While it can certainly be argued that powerful multinational companies such as Apple, Google or Tesla should have the resources and technical capability to effectively monitor their supply chains and source their cobalt responsibly, traceability remains difficult. Numerous well-meaning transnational initiatives now exist to improve supply chain transparency, most of which align with OECD due diligence guidance.
No such thing as ‘clean cobalt’
At the same time, a significant challenge remains: there are a multitude of intermediaries in the mid and upper-tiers of the cobalt supply chain whose business strategies benefit from opaque practices. Profit margins are much higher when it’s possible to purchase cobalt that is extracted under slave-like conditions.
And the reality is that cobalt unearthed by creuseurs is bought by agents and processed alongside cobalt from large-scale mines, with over 80% of it then being refined in China. Under such circumstances, the supply chain cannot be fully regulated or monitored: it becomes cross-contaminated, and both sources of cobalt end up in electric vehicles and devices purchased around the world. As things stand, there is no such thing as “clean cobalt”.
While many African countries are rich with highly sought-after resources, the wealth generated does not stay in Africa, or benefit its people. And there is, of course, a long history of this that extends back to colonial times. The current cobalt rush in and around Kolwezi appears to be no different.

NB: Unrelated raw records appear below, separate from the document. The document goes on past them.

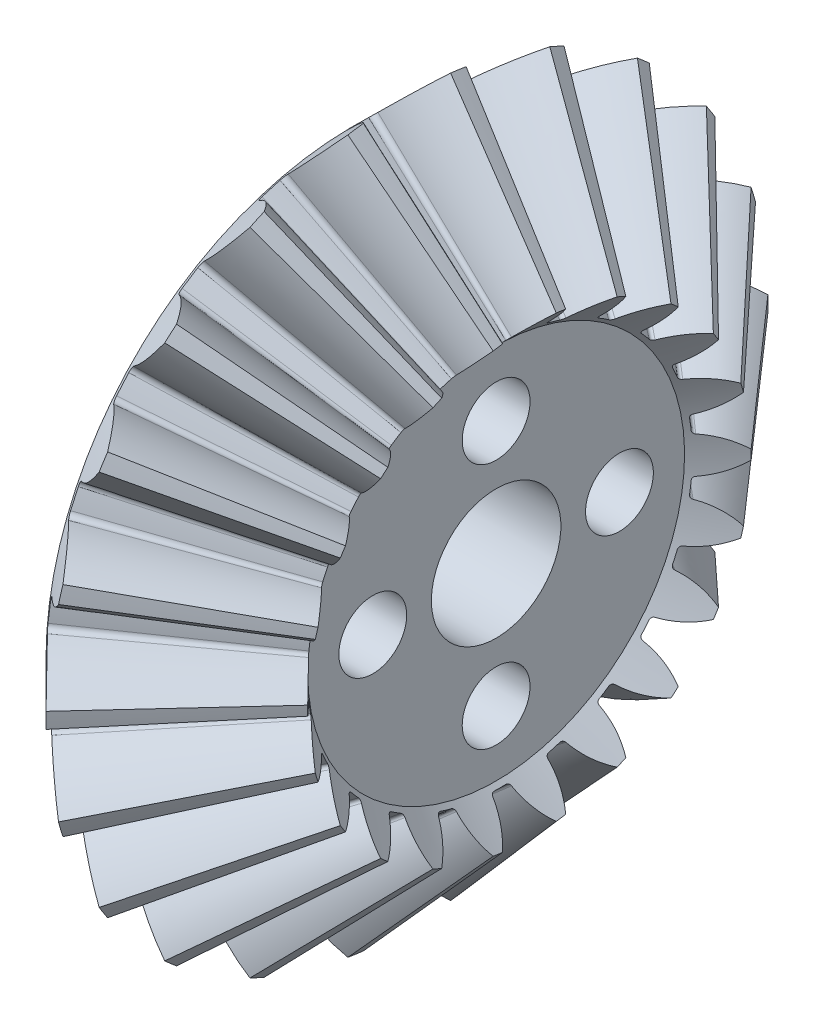
from build123d import *

# Parameters (mm, degrees)
TEETHCUTS_COUNT    = 22
TEETHCUTS_ANGLE    = 343.636363636
HUBSKE_R           = 7.5
HUB_DEPTH          = 0.0001016
BORSKE_R           = 3.15
BORE_DEPTH         = 18.076015039
SKETCH1_R          = 1.65
CUT_EXTRUDE1_DEPTH = 26.707211641
CIRPATTERN1_COUNT  = 4


with BuildPart() as part:
    # BasProSke → Base-Revolve (revolve)
    with BuildSketch(Plane(origin=(0, 0, 0), x_dir=(1, 0, 0), z_dir=(0, 1, 0)), mode=Mode.PRIVATE) as base_revolve_sk:
        Polygon((0, 0), (0, 14.924035763), (2.636624413, 17.560660171), (8.591494528, 10.787608225), (6.971801935, 9.167915636), (6.971801935, 0), align=None)
    revolve(base_revolve_sk.sketch.rotate(Axis((-10, 0, 0), (1, 0, 0)), 180), axis=Axis((-10, 0, 0), (1, 0, 0)))

    # ToothCut: read off the stored shape, not the designer's step
    # ToothCut: loft between two sections, ruled curve by curve
    toothcut_from = [
        Edge.make_bspline([(18.082098387, 0.006134148, -0.009275457), (18.07784036, 0.00187612, -0.014907403), (18.072039145, -0.003925095, -0.014087509), (18.068653428, -0.007310812, -0.007375262)], [0, 0, 0, 0, 1, 1, 1, 1], 3, [1, 0.772537019, 0.772537019, 1]),
        Edge.make_bspline([(18.068653428, -0.007310812, 0.007375262), (18.072039145, -0.003925095, 0.014087509), (18.07784036, 0.00187612, 0.014907403), (18.082098387, 0.006134148, 0.009275457)], [0, 0, 0, 0, 1, 1, 1, 1], 3, [1, 0.772537019, 0.772537019, 1]),
        Edge.make_bspline([(18.068653428, -0.007310812, -0.007375262), (18.06817062, -0.00779362, -0.006418087), (18.067785821, -0.008178419, -0.005375854), (18.067506392, -0.008457848, -0.004268501)], [0, 0, 0, 0, 1, 1, 1, 1], 3, [1, 0.993623092, 0.993623092, 1]),
        Edge.make_bspline([(18.067506392, -0.008457848, 0.004268501), (18.067785821, -0.008178419, 0.005375854), (18.06817062, -0.00779362, 0.006418087), (18.068653428, -0.007310812, 0.007375262)], [0, 0, 0, 0, 1, 1, 1, 1], 3, [1, 0.993623092, 0.993623092, 1]),
        Edge.make_bspline([(18.067506392, -0.008457848, -0.004268501), (18.066802802, -0.009161438, -0.001480242), (18.066802802, -0.009161438, 0.001480242), (18.067506392, -0.008457848, 0.004268501)], [0, 0, 0, 0, 1, 1, 1, 1], 3, [1, 0.961216951, 0.961216951, 1]),
        Edge.make_line((18.082098387, 0.006134148, 0.009275457), (18.082098387, 0.006134148, -0.009275457)),
    ]
    toothcut_to = [
        Edge.make_bspline([(2.781352887, 17.705388644, -2.383135833), (2.132498331, 17.05653409, -1.532918876), (1.342545241, 16.266581002, -0.970032052), (0.473268726, 15.397304488, -0.738493666)], [0, 0, 0, 0, 1, 1, 1, 1], 3, [1, 0.973933005, 0.973933005, 1]),
        Edge.make_bspline([(0.473268726, 15.397304488, 0.738493666), (1.342545241, 16.266581002, 0.970032052), (2.132498331, 17.05653409, 1.532918876), (2.781352887, 17.705388644, 2.383135833)], [0, 0, 0, 0, 1, 1, 1, 1], 3, [1, 0.973933005, 0.973933005, 1]),
        Edge.make_bspline([(0.473268726, 15.397304488, -0.738493666), (0.371801263, 15.295837026, -0.711467038), (0.307121152, 15.231156914, -0.597648338), (0.310290169, 15.234325932, -0.451697507)], [0, 0, 0, 0, 1, 1, 1, 1], 3, [1, 0.839921023, 0.839921023, 1]),
        Edge.make_bspline([(0.310290169, 15.234325932, 0.451697507), (0.307121152, 15.231156914, 0.597648338), (0.371801263, 15.295837026, 0.711467038), (0.473268726, 15.397304488, 0.738493666)], [0, 0, 0, 0, 1, 1, 1, 1], 3, [1, 0.839921023, 0.839921023, 1]),
        Edge.make_bspline([(0.310290169, 15.234325932, -0.451697507), (0.316827588, 15.24086335, -0.15061314), (0.316827588, 15.24086335, 0.15061314), (0.310290169, 15.234325932, 0.451697507)], [0, 0, 0, 0, 1, 1, 1, 1], 3, [1, 0.999685922, 0.999685922, 1]),
        Edge.make_line((2.781352887, 17.705388644, 2.383135833), (2.781352887, 17.705388644, -2.383135833)),
    ]
    toothcut = Solid(Shell([*[Face.make_surface_from_curves(toothcut_from[k], toothcut_to[k]) for k in range(6)], Face(Wire(toothcut_from)), Face(Wire(toothcut_to))]))
    add(toothcut, mode=Mode.SUBTRACT)

    # TeethCuts: ToothCut ×22 about axis
    teethcuts_axis = Axis((-10, 0, 0), (1, 0, 0))
    for i in range(1, TEETHCUTS_COUNT):
        add(toothcut.rotate(teethcuts_axis, i * TEETHCUTS_ANGLE / (TEETHCUTS_COUNT - 1)), mode=Mode.SUBTRACT)

    # HubSke → Hub (add)
    with BuildSketch(Plane.ZY):
        with Locations(Location((0, 0, 0), (0, 0, 180))):
            Circle(HUBSKE_R)
    extrude(amount=HUB_DEPTH)

    # BorSke → Bore (cut, symmetric)
    with BuildSketch(Plane(origin=(0, 0, 0), x_dir=(0, 0, -1), z_dir=(1, 0, 0))):
        with Locations(Location((0, 0, 0), (0, 0, 180))):
            Circle(BORSKE_R)
    extrude(amount=BORE_DEPTH, both=True, mode=Mode.SUBTRACT)

    # Sketch1 → Cut-Extrude1 (cut, through all)
    with BuildSketch(Plane(origin=(6.971801935, 0, 0), x_dir=(0, 0, -1), z_dir=(1, 0, 0))):
        with Locations((0, 6)):
            Circle(SKETCH1_R)
    cut_extrude1 = extrude(amount=-CUT_EXTRUDE1_DEPTH, mode=Mode.SUBTRACT)

    # CirPattern1: Cut-Extrude1 ×4 about axis
    cirpattern1_axis = Axis((0, 0, 0), (1, 0, 0))
    for i in range(1, CIRPATTERN1_COUNT):
        add(cut_extrude1.rotate(cirpattern1_axis, i * 360 / CIRPATTERN1_COUNT), mode=Mode.SUBTRACT)


solid = part.part

During the colonial era, European imperial interests were channelled indirectly through small groups of local elites, who helped to govern territories and expedite the exploitation of resources for colonial agents. As African countries gained independence in the 1960s, one legacy of “indirect rule” was that it cultivated a ruling class of commercially-minded local elites who were unaccountable to their citizens.
This set the stage for the current second scramble for Africa, where the rampant expropriation of resources characteristic of colonial times has largely remained unaltered, apart from the arrival of new corporate agents of foreign exploitation that are extracting resources on an industrial scale.
The introduction of China and its Belt and Road Initiative as a major new player on the scene, has sparked considerable debate as to whether this offers a new opportunity for Africa, or a new form of colonialism.
Plausible deniability
While the negative impacts of the cobalt boom may be increasingly visible and have now become impossible to ignore, industry is not held accountable, partially because it has found new ways to hide its exploitative business practices.
In the mining sector, intermediaries – buyers, agents, dealers and brokers – exist to shield multinational corporations from being directly implicated in labour exploitation. Complexity in the supply chain helps big corporations to demand profit-boosting efficiencies at arms’ length, giving them plausible deniability for the consequences of their actions.
These companies also have become adept at spinning their purported efforts to improve conditions. Look at their websites and you’ll probably see a massive section devoted to sustainability and community-building. On the surface, this may provide reassurance to a consumer or policymaker. But all those efforts don’t seem to be making a difference to those at the bottom of the chain, like Ghislain or Alphonsine or Pitchou.
We are all potentially complicit. I often tell my students that anyone with a mobile phone in their pocket probably has a little bit of the DRC in there as well. But multinational tech companies, or the mining giants have a lot more power and resources to make real change.
They should be made to pay for their role in creating and perpetuating unequitable systems that harm people and the planet. The people in the DRC’s cobalt belt that I have had the privilege of spending time with, and the many millions like them, deserve much better.